Two ministerial decrees were published in the Official Gazette of 13 June 2023 concerning:

  • the administrative procedures of national relevance for the presentation of clinical investigation applications for i devices not CE marked or CE marked but used outside their intended use;

  • the administrative procedures of national relevance for communications relating to clinical investigations on CE marked devices used within their intended use.

These are two decrees provided for by legislative decree n. 137/2022 (in paragraphs 2 and 3 of article 16), issued to adapt national legislation to the provisions of regulation (EU) 2017/745.

The decrees, which will enter into force on 13 July 2023, are structured in a similar way, with the aim of

  • identify the subjects entitled to submit applications and send communications relating to clinical investigations

  • clarify the procedures for submitting clinical investigation requests and communications

  • define the methods and times for acquiring the opinion valid at national level expressed by an Ethics Committee

  • define the methods for communicating the start of investigations.

Two other ministerial decrees were published in the Official Gazette of 14 June 2023, which deal with:

  • the independence, transparency and impartiality of entities in charge of handling clinical investigation requests

  • i facility requirements suitable for carrying out clinical investigations conducted to demonstrate the conformity of medical devices.

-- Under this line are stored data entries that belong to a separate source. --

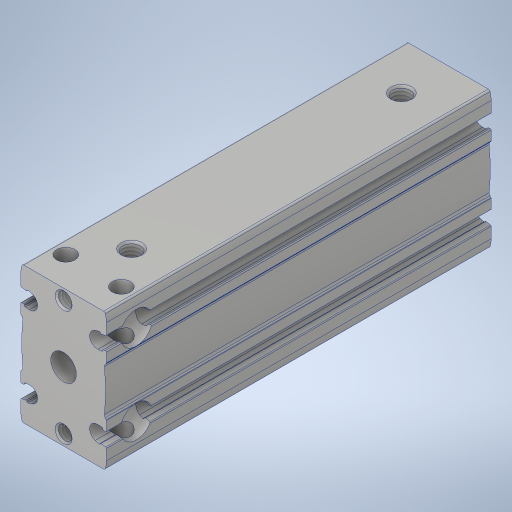
# Autodesk Inventor part: 4186566 DPDM-50---(h)
Saved by Autodesk Inventor 2024 (Build 280153000, 153)
## iProperties
Created: 2024-04-11
Part Number: 4186566 DPDM-50---(h)
Material: Aluminum 6061
Catalog Web Link: www.cadenas.de
Description: DPDM(h)-housing
Vendor: FESTO
Document SubType Name: Modeling
Designer: psAdmin
Manufacturer: FESTO
Mass: 104.929 g
Surface Area: 178.452 cm^2
Volume: 38.8626 cm^3
Density: 2.7 g/cm^3
Appearance: Aluminum - Flat
Category: PARTsolutions
Company: FESTO
PSOL_IDENT_0: {$CADENAS_DATA/23d-libs/festo/parts/d/dpdm/parts/dpdm_housing.prj},201 {VTYP=3D},{NB=4186566 DPDM-50
PSOL_IDENT_1: ---(h)},{LINA=4186566 DPDM-50---(h)},{NN=DPDM(h)},{DATE=23.02.2024 06:49:52},{GEOMDATE=23.02.2024 06
PSOL_IDENT_2: :49:00},{VERSION=},{LINEID=30},{WBVAR=VER,HUB,FUN,KOT},{WBNUMERIC=HUB}  {NB=4186566 DPDM-50---(h)},{
PSOL_IDENT_3: LINA=4186566 DPDM-50---(h)},{KT=DUMMY},{TNR=4186566},{TYP=DPDM},{VER=-},{VERNB=},{KOL=16},{HUB=50},{
PSOL_IDENT_4: HUB1=5,10,15,20,25,30,40,50},{FUN=-},{FUN1='-'},{FUNNB=},{KOT=-},{KOT1='-','H','T'},{KOTNB=},{MM=6.0
PSOL_IDENT_5: 00},{L2=40.000},{EE=M5},{EEN=5.000},{ET=4.500},{BG=6.000},{RT=M4},{RTN=4.000},{H2=19.000},{E=20.000}
PSOL_IDENT_6: ,{UO=32.000},{TO=27.000},{H3=13.000},{LX=7.000},{PL=24.100},{PR=11.000},{U1=0.000},{D5=4.300},{D6=7.
PSOL_IDENT_7: 500},{T1=6.000},{A1X=6.000},{A1Y=2.000},{A2X=6.100},{A2Y=9.100},{W2=10.000},{R1=47.500},{A3=11.500},
PSOL_IDENT_8: {L1=22.6},{L3=7.000},{DQ=4.000}
NB: 4186566 DPDM-50---(h)
NN: DPDM(h)
NT: housing
NBSYN: $TNR. $TYP.$VERNB.-$HUB.$FUNNB.$KOTNB.---(h)
LINA: 4186566 DPDM-50---(h)
CATALOG: Festo
TNR: 4186566
TYP: DPDM
VER: -
KOL: 16
HUB: 50
FUN: -
KOT: -
MM: 6
L2: 40
EE: M5
EEN: 5
ET: 4.5
BG: 6
RT: M4
RTN: 4
H2: 19
E: 20
UO: 32
TO: 27
H3: 13
LX: 7
PL: 24.1
PR: 11
U1: 0
D5: 4.3
D6: 7.5
T1: 6
A1X: 6
A1Y: 2
A2X: 6.1
A2Y: 9.1
W2: 10
R1: 47.5
A3: 11.5
L3: 7
DQ: 4
SUPPLIER: FESTO
ARTICLENO: 4186566 DPDM-50---(h)
BOMINFO: 4186566 DPDM-50---(h)
CREATOR: CADENAS GmbH
Title: 4186566 DPDM-50---(h)
Author: Cadenas PARTsolutions
Comments: housing
Autodesk Inventor part; units mm, degrees
sketch "Sketch_1" plane through (0, 0, 0) normal (0, 0, 1) x (1, 0, 0)
  line L0 (-10, -16) -> (10, -16)
  line L1 (10, -16) -> (10, 16)
  line L2 (10, 16) -> (-10, 16)
  line L3 (-10, 16) -> (-10, -16)
  constraints: 8 end point
extrude "Extrusion1" add sketch "Sketch_1" against normal blind 90
sketch "Sketch_2" plane through (0, 0, 0) normal (0, 0, 1) x (1, 0, 0)
  line L0 (-20, -26) -> (20, -26)
  line L1 (20, -26) -> (20, 26)
  line L2 (20, 26) -> (-20, 26)
  line L3 (-20, 26) -> (-20, -26)
  line L4 (-10, 8.0262) -> (-10, -8.0262)
  arc A0 (-10, -8.0262) -> (-9.7653, -8.2231) centre (-9.8, -8.0262) ccw
  line L5 (-9.7653, -8.2231) -> (-9.2952, -8.1403)
  arc A1 (-9.2952, -8.1403) -> (-9.1492, -7.9314) centre (-9.3265, -7.963) ccw
  arc A2 (-8.9688, -7.697) -> (-9.1492, -7.9314) centre (-8.9523, -7.8963) ccw
  line L6 (-8.9688, -7.697) -> (-8.0209, -7.6187)
  arc A3 (-7.3984, -11.149) -> (-8.0209, -7.6187) centre (-7.8727, -9.4126) ccw
  line L7 (-7.3984, -11.149) -> (-8.316, -11.3996)
  arc A4 (-8.5657, -11.241) -> (-8.316, -11.3996) centre (-8.3687, -11.2066) ccw
  arc A5 (-8.5657, -11.241) -> (-8.7743, -11.0947) centre (-8.743, -11.2719) ccw
  line L8 (-8.7743, -11.0947) -> (-9.8347, -11.2817)
  arc A6 (-9.8347, -11.2817) -> (-10, -11.4786) centre (-9.8, -11.4786) ccw
  line L9 (-10, -11.4786) -> (-10, -14)
  arc A7 (-10, -14) -> (-9.7564, -15.6923) centre (-4, -14) ccw
  arc A8 (-9.7564, -15.6923) -> (-9.3452, -16) centre (-9.3452, -15.5714) ccw
  line L10 (-9.3452, -16) -> (9.3452, -16)
  arc A9 (9.3452, -16) -> (9.7564, -15.6923) centre (9.3452, -15.5714) ccw
  arc A10 (9.7564, -15.6923) -> (10, -14) centre (4, -14) ccw
  line L11 (10, -14) -> (10, -11.4786)
  arc A11 (10, -11.4786) -> (9.8347, -11.2817) centre (9.8, -11.4786) ccw
  line L12 (9.8347, -11.2817) -> (8.7743, -11.0947)
  arc A12 (8.7743, -11.0947) -> (8.5657, -11.241) centre (8.743, -11.2719) ccw
  arc A13 (8.316, -11.3996) -> (8.5657, -11.241) centre (8.3687, -11.2066) ccw
  line L13 (8.316, -11.3996) -> (7.3984, -11.149)
  arc A14 (8.0209, -7.6187) -> (7.3984, -11.149) centre (7.8727, -9.4126) ccw
  line L14 (8.0209, -7.6187) -> (8.9688, -7.697)
  arc A15 (9.1492, -7.9314) -> (8.9688, -7.697) centre (8.9523, -7.8963) ccw
  arc A16 (9.1492, -7.9314) -> (9.2952, -8.1403) centre (9.3265, -7.963) ccw
  line L15 (9.2952, -8.1403) -> (9.7653, -8.2231)
  arc A17 (9.7653, -8.2231) -> (10, -8.0262) centre (9.8, -8.0262) ccw
  line L16 (10, -8.0262) -> (10, 8.0262)
  arc A18 (10, 8.0262) -> (9.7653, 8.2231) centre (9.8, 8.0262) ccw
  line L17 (9.7653, 8.2231) -> (9.2952, 8.1403)
  arc A19 (9.2952, 8.1403) -> (9.1492, 7.9314) centre (9.3265, 7.963) ccw
  arc A20 (8.9688, 7.697) -> (9.1492, 7.9314) centre (8.9523, 7.8963) ccw
  line L18 (8.9688, 7.697) -> (8.0209, 7.6187)
  arc A21 (7.3984, 11.149) -> (8.0209, 7.6187) centre (7.8727, 9.4126) ccw
  line L19 (7.3984, 11.149) -> (8.316, 11.3996)
  arc A22 (8.5657, 11.241) -> (8.316, 11.3996) centre (8.3687, 11.2066) ccw
  arc A23 (8.5657, 11.241) -> (8.7743, 11.0947) centre (8.743, 11.2719) ccw
  line L20 (8.7743, 11.0947) -> (9.8347, 11.2817)
  arc A24 (9.8347, 11.2817) -> (10, 11.4786) centre (9.8, 11.4786) ccw
  line L21 (10, 11.4786) -> (10, 14)
  arc A25 (10, 14) -> (9.7564, 15.6923) centre (4, 14) ccw
  arc A26 (9.7564, 15.6923) -> (9.3452, 16) centre (9.3452, 15.5714) ccw
  line L22 (9.3452, 16) -> (-9.3452, 16)
  arc A27 (-9.3452, 16) -> (-9.7564, 15.6923) centre (-9.3452, 15.5714) ccw
  arc A28 (-9.7564, 15.6923) -> (-10, 14) centre (-4, 14) ccw
  line L23 (-10, 14) -> (-10, 11.4786)
  arc A29 (-10, 11.4786) -> (-9.8347, 11.2817) centre (-9.8, 11.4786) ccw
  line L24 (-9.8347, 11.2817) -> (-8.7743, 11.0947)
  arc A30 (-8.7743, 11.0947) -> (-8.5657, 11.241) centre (-8.743, 11.2719) ccw
  arc A31 (-8.316, 11.3996) -> (-8.5657, 11.241) centre (-8.3687, 11.2066) ccw
  line L25 (-8.316, 11.3996) -> (-7.3984, 11.149)
  arc A32 (-8.0209, 7.6187) -> (-7.3984, 11.149) centre (-7.8727, 9.4126) ccw
  line L26 (-8.0209, 7.6187) -> (-8.9688, 7.697)
  arc A33 (-9.1492, 7.9314) -> (-8.9688, 7.697) centre (-8.9523, 7.8963) ccw
  arc A34 (-9.1492, 7.9314) -> (-9.2952, 8.1403) centre (-9.3265, 7.963) ccw
  line L27 (-9.2952, 8.1403) -> (-9.7653, 8.2231)
  arc A35 (-9.7653, 8.2231) -> (-10, 8.0262) centre (-9.8, 8.0262) ccw
  constraints: 72 point on circle, 56 end point, 36 centre point
extrude "Extrusion2" cut sketch "Sketch_2" against normal blind 90
sketch "Sketch_3" plane through (0, 0, 0) normal (0, 0, 1) x (1, 0, 0)
  line L0 (-15, -21) -> (15, -21)
  line L1 (15, -21) -> (15, 21)
  line L2 (15, 21) -> (-15, 21)
  line L3 (-15, 21) -> (-15, -21)
  arc A0 (-10, 5.8228) -> (-9.9532, 5.6942) centre (-9.8, 5.8228) ccw
  line L4 (-9.9532, 5.6942) -> (-9.7222, 5.419)
  arc A1 (-9.5507, 4.8601) -> (-9.7222, 5.419) centre (-10.2968, 4.9369) ccw
  arc A2 (-9.5507, 4.8601) -> (-9.5507, -4.8601) centre (37.7, 0) ccw
  arc A3 (-9.7222, -5.419) -> (-9.5507, -4.8601) centre (-10.2968, -4.9369) ccw
  line L5 (-9.7222, -5.419) -> (-9.9532, -5.6942)
  arc A4 (-9.9532, -5.6942) -> (-10, -5.8228) centre (-9.8, -5.8228) ccw
  line L6 (-10, -5.8228) -> (-10, -16)
  line L7 (-10, -16) -> (10, -16)
  line L8 (10, -16) -> (10, -5.8228)
  arc A5 (10, -5.8228) -> (9.9532, -5.6942) centre (9.8, -5.8228) ccw
  line L9 (9.9532, -5.6942) -> (9.7222, -5.419)
  arc A6 (9.5507, -4.8601) -> (9.7222, -5.419) centre (10.2968, -4.9369) ccw
  arc A7 (9.5507, -4.8601) -> (9.5507, 4.8601) centre (-37.7, 0) ccw
  arc A8 (9.7222, 5.419) -> (9.5507, 4.8601) centre (10.2968, 4.9369) ccw
  line L10 (9.7222, 5.419) -> (9.9532, 5.6942)
  arc A9 (9.9532, 5.6942) -> (10, 5.8228) centre (9.8, 5.8228) ccw
  line L11 (10, 5.8228) -> (10, 16)
  line L12 (10, 16) -> (-10, 16)
  line L13 (-10, 16) -> (-10, 5.8228)
  constraints: 28 end point, 20 point on circle, 10 centre point
extrude "Extrusion3" cut sketch "Sketch_3" against normal blind 90
sketch "Sketch_6" plane through (0, 0, 0) normal (1, 0, 0) x (0, 1, 0)
  line L0 (0, -72.4) -> (0, 0)
  line L1 (0, 0) -> (3, 0)
  line L2 (3, 0) -> (3, -17.4)
  line L3 (3, -17.4) -> (8, -17.4)
  line L4 (8, -17.4) -> (8, -72.4)
  line L5 (8, -72.4) -> (0, -72.4)
  line L6 (0, -72.4) -> (0, 0)
  constraints: 14 end point
revolve "Revolution1" cut sketch "Sketch_6" angle 360 about axis through (0, 0, -72.4) along (0, 0, -1)
sketch "Sketch_8" plane through (0, 0, 0) normal (1, 0, 0) x (0, 1, 0)
  line L0 (0, -90) -> (0, -87.9)
  line L1 (9, -87.9) -> (7, -87.9)
  line L2 (7, -87.9) -> (7, -89.7)
  line L3 (7, -89.7) -> (6.7, -90)
  line L4 (6.7, -90) -> (9.4, -90)
  line L5 (9.4, -90) -> (9, -89.6)
  line L6 (9, -89.6) -> (9, -87.9)
  constraints: 14 end point
revolve "Revolution2" cut sketch "Sketch_8" angle 360 about axis through (0, 0, -90) along (0, 0, -1)
sketch "Sketch6" plane through (-9.3452, 16, -90) normal (0, 1, 0) x (1, 0, 0)
  point P0 (9.3452, -74.1)
hole "Hole1" at (0, 16, -15.9) direction (0, -1, 0) diameter 4.134 depth 6 countersink diameter 5 countersink angle 90 thread size "M5x0.8" class "6H" standard "ISO Metric profile"
pattern_linear "Rectangular Pattern1" count 2 spacing 63.1 along (0, 0, -1) of "Hole1"
sketch "Sketch7" plane through (0, 0, -90) normal (0, 0, -1) x (-1, 0, 0)
  point P0 (0, 13.5)
hole "Hole2" at (0, 13.5, -90) direction (0, 0, 1) diameter 3.242 depth 7.5 countersink diameter 4 countersink angle 90 thread size "M4x0.7" class "6H" standard "ISO Metric profile"
pattern_linear "Rectangular Pattern2" count 2 spacing 27 along (0, -1, 0) of "Hole2"
sketch "Sketch8" plane through (0, 0, 0) normal (0, 0, 1) x (1, 0, 0)
  point P0 (0, 13.5)
hole "Hole3" at (0, 13.5, 0) direction (0, 0, -1) diameter 3.242 depth 7.5 countersink diameter 4 countersink angle 90 thread size "M4x0.7" class "6H" standard "ISO Metric profile"
sketch "Sketch9" plane through (0, 0, 0) normal (0, 0, 1) x (1, 0, 0)
  point P0 (0, -13.5)
hole "Hole4" at (0, -13.5, 0) direction (0, 0, -1) diameter 3.242 depth 7.5 countersink diameter 4 countersink angle 90 thread size "M4x0.7" class "6H" standard "ISO Metric profile"
sketch "Sketch10" plane through (-9.3452, -16, 0) normal (0, -1, 0) x (1, 0, 0)
  point P0 (15.8452, -7)
hole "Hole5" at (6.5, -16, -7) direction (0, 1, 0) diameter 4.3 depth 32
pattern_linear "Rectangular Pattern3" count 2 spacing 13 along (-1, 0, 0) of "Hole5"
sketch "Sketch_28" plane through (0, 0, -7) normal (0, 0, 1) x (1, 0, 0)
  line L0 (10, 9.5) -> (-10, 9.5)
  line L1 (-10, 9.5) -> (-10, 13.25)
  line L2 (-10, 13.25) -> (-4, 13.25)
  line L3 (-4, 13.25) -> (-4, 11.65)
  line L4 (-4, 11.65) -> (4, 11.65)
  line L5 (4, 11.65) -> (4, 13.25)
  line L6 (4, 13.25) -> (10, 13.25)
  line L7 (10, 13.25) -> (10, 9.5)
  line L8 (10, 9.5) -> (-10, 9.5)
  constraints: 18 end point
revolve "Revolution3" cut sketch "Sketch_28" angle 360 about axis through (10, 9.5, -7) along (1, 0, 0)
pattern_linear "Rectangular Pattern4" count 2 spacing 19 along (0, -1, 0) of "Revolution3"
ref_plane "ANBAU_XY" through (0, 0, 0) normal (0, 0, 1) x (1, 0, 0)
ref_plane "ANBAU_YZ" through (0, 0, 0) normal (1, 0, 0) x (0, 1, 0)
ref_plane "ANBAU_ZX" through (0, 0, 0) normal (0, 1, 0) x (0, 0, 1)
ref_plane "CP_DR_XY" through (0, 16, -79) normal (0, -1, 0) x (1, 0, 0)
ref_plane "CP_DR_YZ" through (0, 16, -79) normal (1, 0, 0) x (0, 0, 1)
ref_plane "CP_DR_ZX" through (0, 16, -79) normal (0, 0, 1) x (0, -1, 0)
ref_plane "CP_ROD1_XY" through (0, 0, -72.4) normal (0, 0, 1) x (1, 0, 0)
ref_plane "CP_ROD1_YZ" through (0, 0, -72.4) normal (1, 0, 0) x (0, 1, 0)
ref_plane "CP_ROD1_ZX" through (0, 0, -72.4) normal (0, 1, 0) x (0, 0, 1)
ref_plane "CP_ROD_P_XY" through (0, 0, -72.4) normal (0, 0, -1) x (1, 0, 0)
ref_plane "CP_ROD_P_YZ" through (0, 0, -72.4) normal (1, 0, 0) x (0, -1, 0)
ref_plane "CP_ROD_P_ZX" through (0, 0, -72.4) normal (0, -1, 0) x (0, 0, -1)
ref_plane "SCHRAUBE_1_XY" through (4, 9.5, -7) normal (-1, 0, 0) x (0, 0, -1)
ref_plane "SCHRAUBE_1_YZ" through (4, 9.5, -7) normal (0, 0, -1) x (0, -1, 0)
ref_plane "SCHRAUBE_1_ZX" through (4, 9.5, -7) normal (0, -1, 0) x (-1, 0, 0)
ref_plane "SCHRAUBE_2_XY" through (4, -9.5, -7) normal (-1, 0, 0) x (0, 0, -1)
ref_plane "SCHRAUBE_2_YZ" through (4, -9.5, -7) normal (0, 0, -1) x (0, -1, 0)
ref_plane "SCHRAUBE_2_ZX" through (4, -9.5, -7) normal (0, -1, 0) x (-1, 0, 0)
ref_plane "SCHRAUBE_B_1_XY" through (6.5, 16, -7) normal (0, -1, 0) x (1, 0, 0)
ref_plane "SCHRAUBE_B_1_YZ" through (6.5, 16, -7) normal (1, 0, 0) x (0, 0, 1)
ref_plane "SCHRAUBE_B_1_ZX" through (6.5, 16, -7) normal (0, 0, 1) x (0, -1, 0)
ref_plane "SCHRAUBE_B_2_XY" through (-6.5, 16, -7) normal (0, -1, 0) x (1, 0, 0)
ref_plane "SCHRAUBE_B_2_YZ" through (-6.5, 16, -7) normal (1, 0, 0) x (0, 0, 1)
ref_plane "SCHRAUBE_B_2_ZX" through (-6.5, 16, -7) normal (0, 0, 1) x (0, -1, 0)
ref_plane "TO_HALTER_XY" through (0, -16, -7) normal (0, 1, 0) x (1, 0, 0)
ref_plane "TO_HALTER_YZ" through (0, -16, -7) normal (1, 0, 0) x (0, 0, -1)
ref_plane "TO_HALTER_ZX" through (0, -16, -7) normal (0, 0, -1) x (0, 1, 0)
ref_plane "TO_QSML_1_XY" through (0, 16, -15.9) normal (0, -1, 0) x (0, 0, -1)
ref_plane "TO_QSML_1_YZ" through (0, 16, -15.9) normal (0, 0, -1) x (1, 0, 0)
ref_plane "TO_QSML_1_ZX" through (0, 16, -15.9) normal (1, 0, 0) x (0, -1, 0)
ref_plane "TO_QSML_2_XY" through (0, 16, -79) normal (0, -1, 0) x (0, 0, -1)
ref_plane "TO_QSML_2_YZ" through (0, 16, -79) normal (0, 0, -1) x (1, 0, 0)
ref_plane "TO_QSML_2_ZX" through (0, 16, -79) normal (1, 0, 0) x (0, -1, 0)
body "Solid1"

These two decrees, which are immediately applicable, also implement the provisions of legislative decree n.137/2022 (paragraphs 5 and 8 of article 16).

The first Decree has the purpose of guaranteeing the absence of conflicts of interest and undue conditioning for the subjects in charge of handling clinical investigation requests on the basis of specific declarations and the obligation to abstain in the event of a conflict of interest.

Furthermore, to ensure that the evaluation of the survey questions is carried out jointly by an adequate number of people who possess the necessary qualifications and experience, the possible use of experts with proven scientific and professional qualifications is envisaged, to be selected among the employees of institutions that carry out research, health care or university training activities.

The second Decree provides that the assessment of the suitability of healthcare facilities to carry out investigations takes place on the basis of declarations presented by the legal representatives of the facilities and establishes the conditions to allow remote testing of devices that can be used thanks to the use of digital technologies.

Consultation:

  • Decree 04/12/2023
    Administrative procedures of national relevance for the presentation of the application for clinical investigation for medical devices not bearing the CE marking pursuant to art. 16, paragraph 2 of the legislative decree n. 137 of 2022. (GU General Series, n. 136 of 13/06/2023)
  • Decree 04/12/2023
    Administrative procedures of national relevance for the presentation of communications relating to clinical investigations for devices bearing the CE marking used within the scope of their intended use pursuant to art. 16, paragraph 3 of the decree n. 137 of 2022. (GU General Series, n. 136 of 13/06/2023)

  • Decree 03/20/2023
    Requirements of structures suitable for carrying out clinical investigations, in compliance with the provisions of art. 62, paragraph 7 of regulation (EU) 2017/745. (GU General Series, n. 137 of 14/06/2023)
  • Decree 03/20/2023
    Provisions aimed at ensuring that the persons in charge of evaluating and validating the clinical investigation applications or of taking a decision on them do not suffer from conditions of conflict of interest, are independent of the sponsor, the investigators involved and the natural or legal persons who finance the clinical investigation and are exempt from any undue influence. (OJ Serie Generale, n. 137 of 14/06/2023)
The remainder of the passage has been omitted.